● **Source records**
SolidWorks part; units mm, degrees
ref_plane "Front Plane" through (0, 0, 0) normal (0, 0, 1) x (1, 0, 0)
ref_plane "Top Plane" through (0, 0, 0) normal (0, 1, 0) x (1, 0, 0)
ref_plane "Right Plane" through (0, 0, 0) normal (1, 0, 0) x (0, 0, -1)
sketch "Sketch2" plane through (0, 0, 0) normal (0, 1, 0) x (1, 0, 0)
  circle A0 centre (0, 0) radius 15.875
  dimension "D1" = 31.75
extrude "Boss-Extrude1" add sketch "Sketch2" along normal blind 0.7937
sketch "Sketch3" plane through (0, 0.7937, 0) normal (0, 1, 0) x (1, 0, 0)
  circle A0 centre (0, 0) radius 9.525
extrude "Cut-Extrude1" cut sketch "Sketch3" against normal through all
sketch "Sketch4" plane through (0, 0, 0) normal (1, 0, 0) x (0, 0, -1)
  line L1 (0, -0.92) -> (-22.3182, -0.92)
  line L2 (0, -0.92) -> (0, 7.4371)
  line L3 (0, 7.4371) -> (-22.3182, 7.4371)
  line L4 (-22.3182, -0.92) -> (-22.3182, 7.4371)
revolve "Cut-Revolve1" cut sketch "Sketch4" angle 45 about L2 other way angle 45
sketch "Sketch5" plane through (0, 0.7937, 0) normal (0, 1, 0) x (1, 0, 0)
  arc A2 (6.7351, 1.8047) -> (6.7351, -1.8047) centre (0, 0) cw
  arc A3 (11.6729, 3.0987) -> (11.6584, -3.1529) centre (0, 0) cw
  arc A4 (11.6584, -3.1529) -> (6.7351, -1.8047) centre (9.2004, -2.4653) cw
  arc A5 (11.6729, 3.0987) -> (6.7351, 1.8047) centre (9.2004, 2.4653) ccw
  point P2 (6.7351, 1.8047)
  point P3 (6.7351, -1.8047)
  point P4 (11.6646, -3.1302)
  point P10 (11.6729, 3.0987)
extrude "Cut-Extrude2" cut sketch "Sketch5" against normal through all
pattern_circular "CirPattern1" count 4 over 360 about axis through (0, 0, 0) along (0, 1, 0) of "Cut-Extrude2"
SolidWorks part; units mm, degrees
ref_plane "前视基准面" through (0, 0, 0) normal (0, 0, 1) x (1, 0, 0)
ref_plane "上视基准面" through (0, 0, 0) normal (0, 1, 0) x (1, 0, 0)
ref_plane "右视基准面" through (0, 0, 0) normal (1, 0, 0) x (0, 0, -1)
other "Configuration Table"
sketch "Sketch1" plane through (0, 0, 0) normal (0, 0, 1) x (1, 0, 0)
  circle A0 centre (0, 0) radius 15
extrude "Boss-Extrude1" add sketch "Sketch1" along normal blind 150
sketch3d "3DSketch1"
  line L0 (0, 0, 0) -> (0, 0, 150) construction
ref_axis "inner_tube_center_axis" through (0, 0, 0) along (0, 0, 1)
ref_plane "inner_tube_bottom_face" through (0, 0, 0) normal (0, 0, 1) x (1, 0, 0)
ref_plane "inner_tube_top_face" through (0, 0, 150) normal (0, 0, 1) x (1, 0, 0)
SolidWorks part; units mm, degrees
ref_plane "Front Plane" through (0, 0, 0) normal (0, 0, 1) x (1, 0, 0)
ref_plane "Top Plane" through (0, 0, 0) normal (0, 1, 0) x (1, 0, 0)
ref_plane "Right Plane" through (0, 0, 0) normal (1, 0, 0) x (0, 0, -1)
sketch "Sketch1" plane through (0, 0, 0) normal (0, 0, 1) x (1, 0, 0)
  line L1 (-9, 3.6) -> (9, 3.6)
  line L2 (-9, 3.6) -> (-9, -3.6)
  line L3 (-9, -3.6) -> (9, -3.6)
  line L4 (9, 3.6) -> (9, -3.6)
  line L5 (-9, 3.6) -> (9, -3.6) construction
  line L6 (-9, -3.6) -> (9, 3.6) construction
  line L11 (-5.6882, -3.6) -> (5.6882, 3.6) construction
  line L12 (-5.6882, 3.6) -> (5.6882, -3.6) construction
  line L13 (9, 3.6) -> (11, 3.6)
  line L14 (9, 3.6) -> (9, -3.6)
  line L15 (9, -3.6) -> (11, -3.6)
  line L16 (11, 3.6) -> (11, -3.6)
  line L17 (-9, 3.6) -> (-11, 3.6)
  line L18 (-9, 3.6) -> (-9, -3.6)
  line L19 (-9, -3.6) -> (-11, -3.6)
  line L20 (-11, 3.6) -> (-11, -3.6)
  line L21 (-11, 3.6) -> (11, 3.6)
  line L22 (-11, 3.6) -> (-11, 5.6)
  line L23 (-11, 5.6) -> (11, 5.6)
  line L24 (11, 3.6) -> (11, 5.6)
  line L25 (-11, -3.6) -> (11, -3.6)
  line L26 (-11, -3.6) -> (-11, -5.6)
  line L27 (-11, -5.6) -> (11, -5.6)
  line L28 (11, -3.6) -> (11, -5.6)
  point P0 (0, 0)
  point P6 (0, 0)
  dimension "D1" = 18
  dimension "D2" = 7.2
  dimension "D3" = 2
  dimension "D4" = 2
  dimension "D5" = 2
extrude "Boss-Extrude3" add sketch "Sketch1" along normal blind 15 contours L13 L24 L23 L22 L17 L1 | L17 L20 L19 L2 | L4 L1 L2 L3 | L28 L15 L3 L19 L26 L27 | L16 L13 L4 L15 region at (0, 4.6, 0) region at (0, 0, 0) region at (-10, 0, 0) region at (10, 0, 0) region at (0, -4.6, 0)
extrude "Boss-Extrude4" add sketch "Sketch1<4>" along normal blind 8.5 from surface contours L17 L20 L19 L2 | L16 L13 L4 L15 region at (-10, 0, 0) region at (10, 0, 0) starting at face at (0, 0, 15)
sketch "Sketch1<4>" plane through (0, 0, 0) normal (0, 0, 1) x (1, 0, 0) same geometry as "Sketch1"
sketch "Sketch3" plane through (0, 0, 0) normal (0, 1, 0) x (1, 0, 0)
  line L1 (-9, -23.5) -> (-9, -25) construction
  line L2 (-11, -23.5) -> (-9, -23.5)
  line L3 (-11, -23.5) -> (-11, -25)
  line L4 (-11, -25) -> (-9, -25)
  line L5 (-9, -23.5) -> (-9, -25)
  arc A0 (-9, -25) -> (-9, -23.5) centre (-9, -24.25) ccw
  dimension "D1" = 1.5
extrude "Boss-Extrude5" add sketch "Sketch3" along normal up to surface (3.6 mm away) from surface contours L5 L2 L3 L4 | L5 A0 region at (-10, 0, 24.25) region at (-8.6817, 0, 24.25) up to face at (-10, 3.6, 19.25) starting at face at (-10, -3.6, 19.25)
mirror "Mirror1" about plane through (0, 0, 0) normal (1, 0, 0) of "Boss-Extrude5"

● **EXERCISE PROMPT**
The complete set of entries is to be restated word for word.

● **SOLUTION FOR THIS TASK**
SolidWorks part; units mm, degrees
ref_plane "Front Plane" through (0, 0, 0) normal (0, 0, 1) x (1, 0, 0)
ref_plane "Top Plane" through (0, 0, 0) normal (0, 1, 0) x (1, 0, 0)
ref_plane "Right Plane" through (0, 0, 0) normal (1, 0, 0) x (0, 0, -1)
sketch "Sketch2" plane through (0, 0, 0) normal (0, 1, 0) x (1, 0, 0)
  circle A0 centre (0, 0) radius 15.875
  dimension "D1" = 31.75
extrude "Boss-Extrude1" add sketch "Sketch2" along normal blind 0.7937
sketch "Sketch3" plane through (0, 0.7937, 0) normal (0, 1, 0) x (1, 0, 0)
  circle A0 centre (0, 0) radius 9.525
extrude "Cut-Extrude1" cut sketch "Sketch3" against normal through all
sketch "Sketch4" plane through (0, 0, 0) normal (1, 0, 0) x (0, 0, -1)
  line L1 (0, -0.92) -> (-22.3182, -0.92)
  line L2 (0, -0.92) -> (0, 7.4371)
  line L3 (0, 7.4371) -> (-22.3182, 7.4371)
  line L4 (-22.3182, -0.92) -> (-22.3182, 7.4371)
revolve "Cut-Revolve1" cut sketch "Sketch4" angle 45 about L2 other way angle 45
sketch "Sketch5" plane through (0, 0.7937, 0) normal (0, 1, 0) x (1, 0, 0)
  arc A2 (6.7351, 1.8047) -> (6.7351, -1.8047) centre (0, 0) cw
  arc A3 (11.6729, 3.0987) -> (11.6584, -3.1529) centre (0, 0) cw
  arc A4 (11.6584, -3.1529) -> (6.7351, -1.8047) centre (9.2004, -2.4653) cw
  arc A5 (11.6729, 3.0987) -> (6.7351, 1.8047) centre (9.2004, 2.4653) ccw
  point P2 (6.7351, 1.8047)
  point P3 (6.7351, -1.8047)
  point P4 (11.6646, -3.1302)
  point P10 (11.6729, 3.0987)
extrude "Cut-Extrude2" cut sketch "Sketch5" against normal through all
pattern_circular "CirPattern1" count 4 over 360 about axis through (0, 0, 0) along (0, 1, 0) of "Cut-Extrude2"
SolidWorks part; units mm, degrees
ref_plane "前视基准面" through (0, 0, 0) normal (0, 0, 1) x (1, 0, 0)
ref_plane "上视基准面" through (0, 0, 0) normal (0, 1, 0) x (1, 0, 0)
ref_plane "右视基准面" through (0, 0, 0) normal (1, 0, 0) x (0, 0, -1)
other "Configuration Table"
sketch "Sketch1" plane through (0, 0, 0) normal (0, 0, 1) x (1, 0, 0)
  circle A0 centre (0, 0) radius 15
extrude "Boss-Extrude1" add sketch "Sketch1" along normal blind 150
sketch3d "3DSketch1"
  line L0 (0, 0, 0) -> (0, 0, 150) construction
ref_axis "inner_tube_center_axis" through (0, 0, 0) along (0, 0, 1)
ref_plane "inner_tube_bottom_face" through (0, 0, 0) normal (0, 0, 1) x (1, 0, 0)
ref_plane "inner_tube_top_face" through (0, 0, 150) normal (0, 0, 1) x (1, 0, 0)
SolidWorks part; units mm, degrees
ref_plane "Front Plane" through (0, 0, 0) normal (0, 0, 1) x (1, 0, 0)
ref_plane "Top Plane" through (0, 0, 0) normal (0, 1, 0) x (1, 0, 0)
ref_plane "Right Plane" through (0, 0, 0) normal (1, 0, 0) x (0, 0, -1)
sketch "Sketch1" plane through (0, 0, 0) normal (0, 0, 1) x (1, 0, 0)
  line L1 (-9, 3.6) -> (9, 3.6)
  line L2 (-9, 3.6) -> (-9, -3.6)
  line L3 (-9, -3.6) -> (9, -3.6)
  line L4 (9, 3.6) -> (9, -3.6)
  line L5 (-9, 3.6) -> (9, -3.6) construction
  line L6 (-9, -3.6) -> (9, 3.6) construction
  line L11 (-5.6882, -3.6) -> (5.6882, 3.6) construction
  line L12 (-5.6882, 3.6) -> (5.6882, -3.6) construction
  line L13 (9, 3.6) -> (11, 3.6)
  line L14 (9, 3.6) -> (9, -3.6)
  line L15 (9, -3.6) -> (11, -3.6)
  line L16 (11, 3.6) -> (11, -3.6)
  line L17 (-9, 3.6) -> (-11, 3.6)
  line L18 (-9, 3.6) -> (-9, -3.6)
  line L19 (-9, -3.6) -> (-11, -3.6)
  line L20 (-11, 3.6) -> (-11, -3.6)
  line L21 (-11, 3.6) -> (11, 3.6)
  line L22 (-11, 3.6) -> (-11, 5.6)
  line L23 (-11, 5.6) -> (11, 5.6)
  line L24 (11, 3.6) -> (11, 5.6)
  line L25 (-11, -3.6) -> (11, -3.6)
  line L26 (-11, -3.6) -> (-11, -5.6)
  line L27 (-11, -5.6) -> (11, -5.6)
  line L28 (11, -3.6) -> (11, -5.6)
  point P0 (0, 0)
  point P6 (0, 0)
  dimension "D1" = 18
  dimension "D2" = 7.2
  dimension "D3" = 2
  dimension "D4" = 2
  dimension "D5" = 2
extrude "Boss-Extrude3" add sketch "Sketch1" along normal blind 15 contours L13 L24 L23 L22 L17 L1 | L17 L20 L19 L2 | L4 L1 L2 L3 | L28 L15 L3 L19 L26 L27 | L16 L13 L4 L15 region at (0, 4.6, 0) region at (0, 0, 0) region at (-10, 0, 0) region at (10, 0, 0) region at (0, -4.6, 0)
extrude "Boss-Extrude4" add sketch "Sketch1<4>" along normal blind 8.5 from surface contours L17 L20 L19 L2 | L16 L13 L4 L15 region at (-10, 0, 0) region at (10, 0, 0) starting at face at (0, 0, 15)
sketch "Sketch1<4>" plane through (0, 0, 0) normal (0, 0, 1) x (1, 0, 0) same geometry as "Sketch1"
sketch "Sketch3" plane through (0, 0, 0) normal (0, 1, 0) x (1, 0, 0)
  line L1 (-9, -23.5) -> (-9, -25) construction
  line L2 (-11, -23.5) -> (-9, -23.5)
  line L3 (-11, -23.5) -> (-11, -25)
  line L4 (-11, -25) -> (-9, -25)
  line L5 (-9, -23.5) -> (-9, -25)
  arc A0 (-9, -25) -> (-9, -23.5) centre (-9, -24.25) ccw
  dimension "D1" = 1.5
extrude "Boss-Extrude5" add sketch "Sketch3" along normal up to surface (3.6 mm away) from surface contours L5 L2 L3 L4 | L5 A0 region at (-10, 0, 24.25) region at (-8.6817, 0, 24.25) up to face at (-10, 3.6, 19.25) starting at face at (-10, -3.6, 19.25)
mirror "Mirror1" about plane through (0, 0, 0) normal (1, 0, 0) of "Boss-Extrude5"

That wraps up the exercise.